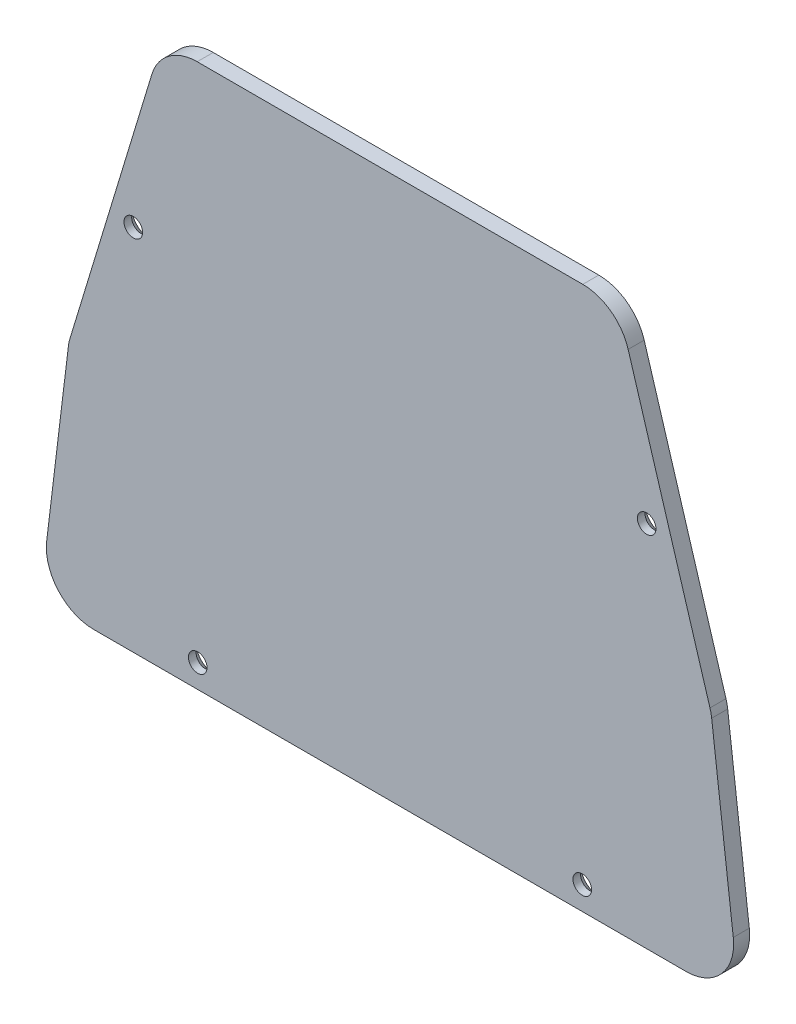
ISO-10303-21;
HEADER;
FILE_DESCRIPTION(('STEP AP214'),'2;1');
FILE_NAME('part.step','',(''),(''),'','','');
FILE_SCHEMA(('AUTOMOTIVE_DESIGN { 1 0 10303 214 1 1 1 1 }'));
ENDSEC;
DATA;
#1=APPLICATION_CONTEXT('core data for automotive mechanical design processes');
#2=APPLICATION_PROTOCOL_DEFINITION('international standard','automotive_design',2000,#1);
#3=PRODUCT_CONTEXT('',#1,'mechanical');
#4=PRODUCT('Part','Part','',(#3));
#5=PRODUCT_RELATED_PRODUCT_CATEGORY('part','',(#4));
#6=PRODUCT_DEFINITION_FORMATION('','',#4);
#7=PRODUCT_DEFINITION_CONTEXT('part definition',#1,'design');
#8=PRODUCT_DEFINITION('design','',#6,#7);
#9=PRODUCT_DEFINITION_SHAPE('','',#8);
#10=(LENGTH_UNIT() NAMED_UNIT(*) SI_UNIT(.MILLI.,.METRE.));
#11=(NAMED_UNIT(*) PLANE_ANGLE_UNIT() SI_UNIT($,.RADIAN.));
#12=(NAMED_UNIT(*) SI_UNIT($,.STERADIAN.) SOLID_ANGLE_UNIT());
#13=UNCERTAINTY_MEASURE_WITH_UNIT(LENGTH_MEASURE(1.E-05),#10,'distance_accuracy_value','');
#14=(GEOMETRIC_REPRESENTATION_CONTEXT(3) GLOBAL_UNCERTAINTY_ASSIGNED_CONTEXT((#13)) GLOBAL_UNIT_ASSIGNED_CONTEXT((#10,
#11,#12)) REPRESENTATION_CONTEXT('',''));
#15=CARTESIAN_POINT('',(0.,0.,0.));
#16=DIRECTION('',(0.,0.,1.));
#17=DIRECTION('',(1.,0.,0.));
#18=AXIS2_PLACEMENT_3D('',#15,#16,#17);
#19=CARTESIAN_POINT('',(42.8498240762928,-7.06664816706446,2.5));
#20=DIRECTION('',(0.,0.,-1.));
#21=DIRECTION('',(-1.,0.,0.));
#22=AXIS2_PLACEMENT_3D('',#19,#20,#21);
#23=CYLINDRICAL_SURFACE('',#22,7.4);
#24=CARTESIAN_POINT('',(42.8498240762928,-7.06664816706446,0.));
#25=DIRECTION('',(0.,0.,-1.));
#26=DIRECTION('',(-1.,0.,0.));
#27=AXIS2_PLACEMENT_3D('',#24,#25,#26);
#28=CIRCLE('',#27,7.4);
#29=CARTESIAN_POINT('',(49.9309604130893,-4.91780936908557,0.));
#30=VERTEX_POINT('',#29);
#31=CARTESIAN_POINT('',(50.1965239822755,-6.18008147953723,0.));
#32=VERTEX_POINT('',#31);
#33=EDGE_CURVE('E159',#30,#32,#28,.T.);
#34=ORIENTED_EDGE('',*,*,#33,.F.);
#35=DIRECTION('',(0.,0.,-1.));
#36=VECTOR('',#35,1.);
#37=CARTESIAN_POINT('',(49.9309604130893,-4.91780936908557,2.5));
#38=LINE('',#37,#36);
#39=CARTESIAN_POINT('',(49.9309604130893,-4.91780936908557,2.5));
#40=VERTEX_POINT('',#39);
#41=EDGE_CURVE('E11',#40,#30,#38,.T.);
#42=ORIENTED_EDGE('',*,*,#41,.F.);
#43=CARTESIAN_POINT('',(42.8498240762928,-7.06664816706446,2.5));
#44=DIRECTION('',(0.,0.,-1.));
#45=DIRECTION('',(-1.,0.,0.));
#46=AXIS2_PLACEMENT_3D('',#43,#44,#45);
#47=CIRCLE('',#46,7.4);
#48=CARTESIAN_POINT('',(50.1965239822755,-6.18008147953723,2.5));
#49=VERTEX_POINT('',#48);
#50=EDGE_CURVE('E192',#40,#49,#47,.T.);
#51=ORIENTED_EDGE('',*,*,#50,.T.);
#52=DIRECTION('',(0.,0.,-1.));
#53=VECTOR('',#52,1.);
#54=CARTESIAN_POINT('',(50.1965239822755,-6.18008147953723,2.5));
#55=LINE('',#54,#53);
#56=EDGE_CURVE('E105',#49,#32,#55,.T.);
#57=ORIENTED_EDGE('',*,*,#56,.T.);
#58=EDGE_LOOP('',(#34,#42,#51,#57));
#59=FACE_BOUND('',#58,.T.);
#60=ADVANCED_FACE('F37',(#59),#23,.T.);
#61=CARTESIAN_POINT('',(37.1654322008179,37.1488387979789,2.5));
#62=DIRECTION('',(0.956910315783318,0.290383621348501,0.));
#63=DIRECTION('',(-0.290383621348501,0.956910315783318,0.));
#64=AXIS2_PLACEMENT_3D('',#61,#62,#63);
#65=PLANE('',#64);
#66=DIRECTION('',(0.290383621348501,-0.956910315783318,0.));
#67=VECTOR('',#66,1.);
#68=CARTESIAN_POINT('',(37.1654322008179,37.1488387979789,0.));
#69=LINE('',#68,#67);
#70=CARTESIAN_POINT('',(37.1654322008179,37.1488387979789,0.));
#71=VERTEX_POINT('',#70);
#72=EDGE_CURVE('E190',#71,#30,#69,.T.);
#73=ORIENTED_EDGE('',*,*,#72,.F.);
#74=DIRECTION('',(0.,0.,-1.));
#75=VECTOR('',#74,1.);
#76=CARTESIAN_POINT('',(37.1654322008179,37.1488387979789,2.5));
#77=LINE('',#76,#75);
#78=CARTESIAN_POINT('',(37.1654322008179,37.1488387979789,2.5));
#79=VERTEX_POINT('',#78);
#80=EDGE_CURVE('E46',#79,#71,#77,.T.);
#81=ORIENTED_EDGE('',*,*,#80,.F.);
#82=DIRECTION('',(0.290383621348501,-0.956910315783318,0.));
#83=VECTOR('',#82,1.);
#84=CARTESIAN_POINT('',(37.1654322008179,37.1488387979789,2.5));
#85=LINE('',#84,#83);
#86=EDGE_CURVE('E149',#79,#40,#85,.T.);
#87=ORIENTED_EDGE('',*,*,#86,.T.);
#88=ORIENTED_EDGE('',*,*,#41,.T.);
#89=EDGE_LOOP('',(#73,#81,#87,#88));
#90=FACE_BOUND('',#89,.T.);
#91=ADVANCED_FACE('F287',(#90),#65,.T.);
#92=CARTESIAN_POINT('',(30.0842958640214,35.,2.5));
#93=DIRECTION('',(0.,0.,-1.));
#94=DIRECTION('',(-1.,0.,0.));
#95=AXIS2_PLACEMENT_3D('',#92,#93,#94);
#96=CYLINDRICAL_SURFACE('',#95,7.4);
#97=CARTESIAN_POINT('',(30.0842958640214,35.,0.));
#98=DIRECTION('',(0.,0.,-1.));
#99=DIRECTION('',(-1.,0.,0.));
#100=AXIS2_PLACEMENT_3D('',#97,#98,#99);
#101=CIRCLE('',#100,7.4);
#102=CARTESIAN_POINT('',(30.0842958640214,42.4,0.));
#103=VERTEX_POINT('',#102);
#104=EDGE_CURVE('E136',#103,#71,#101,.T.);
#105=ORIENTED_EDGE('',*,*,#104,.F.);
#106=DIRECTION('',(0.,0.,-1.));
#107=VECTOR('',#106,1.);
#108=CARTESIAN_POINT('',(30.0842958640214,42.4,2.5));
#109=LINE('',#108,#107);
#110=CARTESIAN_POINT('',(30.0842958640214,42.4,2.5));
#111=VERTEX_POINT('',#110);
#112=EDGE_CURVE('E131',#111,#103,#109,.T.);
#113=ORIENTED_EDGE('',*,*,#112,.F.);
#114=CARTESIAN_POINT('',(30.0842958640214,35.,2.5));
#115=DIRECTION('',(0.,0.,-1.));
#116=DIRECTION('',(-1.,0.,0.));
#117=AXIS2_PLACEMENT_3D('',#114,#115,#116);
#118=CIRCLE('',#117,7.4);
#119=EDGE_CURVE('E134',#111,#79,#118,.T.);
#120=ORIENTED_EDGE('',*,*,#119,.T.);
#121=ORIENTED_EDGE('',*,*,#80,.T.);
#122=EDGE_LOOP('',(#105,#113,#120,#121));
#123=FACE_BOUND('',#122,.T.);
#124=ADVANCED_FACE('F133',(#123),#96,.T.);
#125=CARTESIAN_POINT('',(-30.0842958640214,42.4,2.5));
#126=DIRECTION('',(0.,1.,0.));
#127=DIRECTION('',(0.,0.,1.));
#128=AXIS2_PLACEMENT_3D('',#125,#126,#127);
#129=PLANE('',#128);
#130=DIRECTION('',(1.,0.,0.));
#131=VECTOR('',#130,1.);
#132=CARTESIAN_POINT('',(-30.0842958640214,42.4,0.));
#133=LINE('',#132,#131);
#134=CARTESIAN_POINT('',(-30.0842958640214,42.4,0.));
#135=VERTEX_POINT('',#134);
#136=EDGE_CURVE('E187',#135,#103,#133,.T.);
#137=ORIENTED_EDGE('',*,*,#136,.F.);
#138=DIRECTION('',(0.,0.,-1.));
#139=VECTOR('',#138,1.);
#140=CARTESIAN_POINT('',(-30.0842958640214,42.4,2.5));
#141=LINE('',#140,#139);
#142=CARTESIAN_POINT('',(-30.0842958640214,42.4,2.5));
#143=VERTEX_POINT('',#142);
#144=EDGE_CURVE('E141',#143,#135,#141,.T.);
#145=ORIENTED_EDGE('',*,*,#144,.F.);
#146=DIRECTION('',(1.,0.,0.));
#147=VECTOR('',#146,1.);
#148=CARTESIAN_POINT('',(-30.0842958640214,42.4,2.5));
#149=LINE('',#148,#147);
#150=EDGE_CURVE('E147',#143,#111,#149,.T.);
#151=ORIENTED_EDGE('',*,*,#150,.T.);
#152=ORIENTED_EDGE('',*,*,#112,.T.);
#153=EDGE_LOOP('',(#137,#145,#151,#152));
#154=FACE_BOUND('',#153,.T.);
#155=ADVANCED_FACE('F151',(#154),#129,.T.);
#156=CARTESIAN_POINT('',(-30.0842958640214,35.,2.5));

^^^^

Aim of the exercise: For this exercise, please output exactly the lines above starting at the line with "FILE_DESCRIPTION(('STEP AP214'),'2;1');" and ending at the line with "#4=PRODUCT('Part','Part','',(#3));", ends included.

Exercise output:
FILE_DESCRIPTION(('STEP AP214'),'2;1');
FILE_NAME('part.step','',(''),(''),'','','');
FILE_SCHEMA(('AUTOMOTIVE_DESIGN { 1 0 10303 214 1 1 1 1 }'));
ENDSEC;
DATA;
#1=APPLICATION_CONTEXT('core data for automotive mechanical design processes');
#2=APPLICATION_PROTOCOL_DEFINITION('international standard','automotive_design',2000,#1);
#3=PRODUCT_CONTEXT('',#1,'mechanical');
#4=PRODUCT('Part','Part','',(#3));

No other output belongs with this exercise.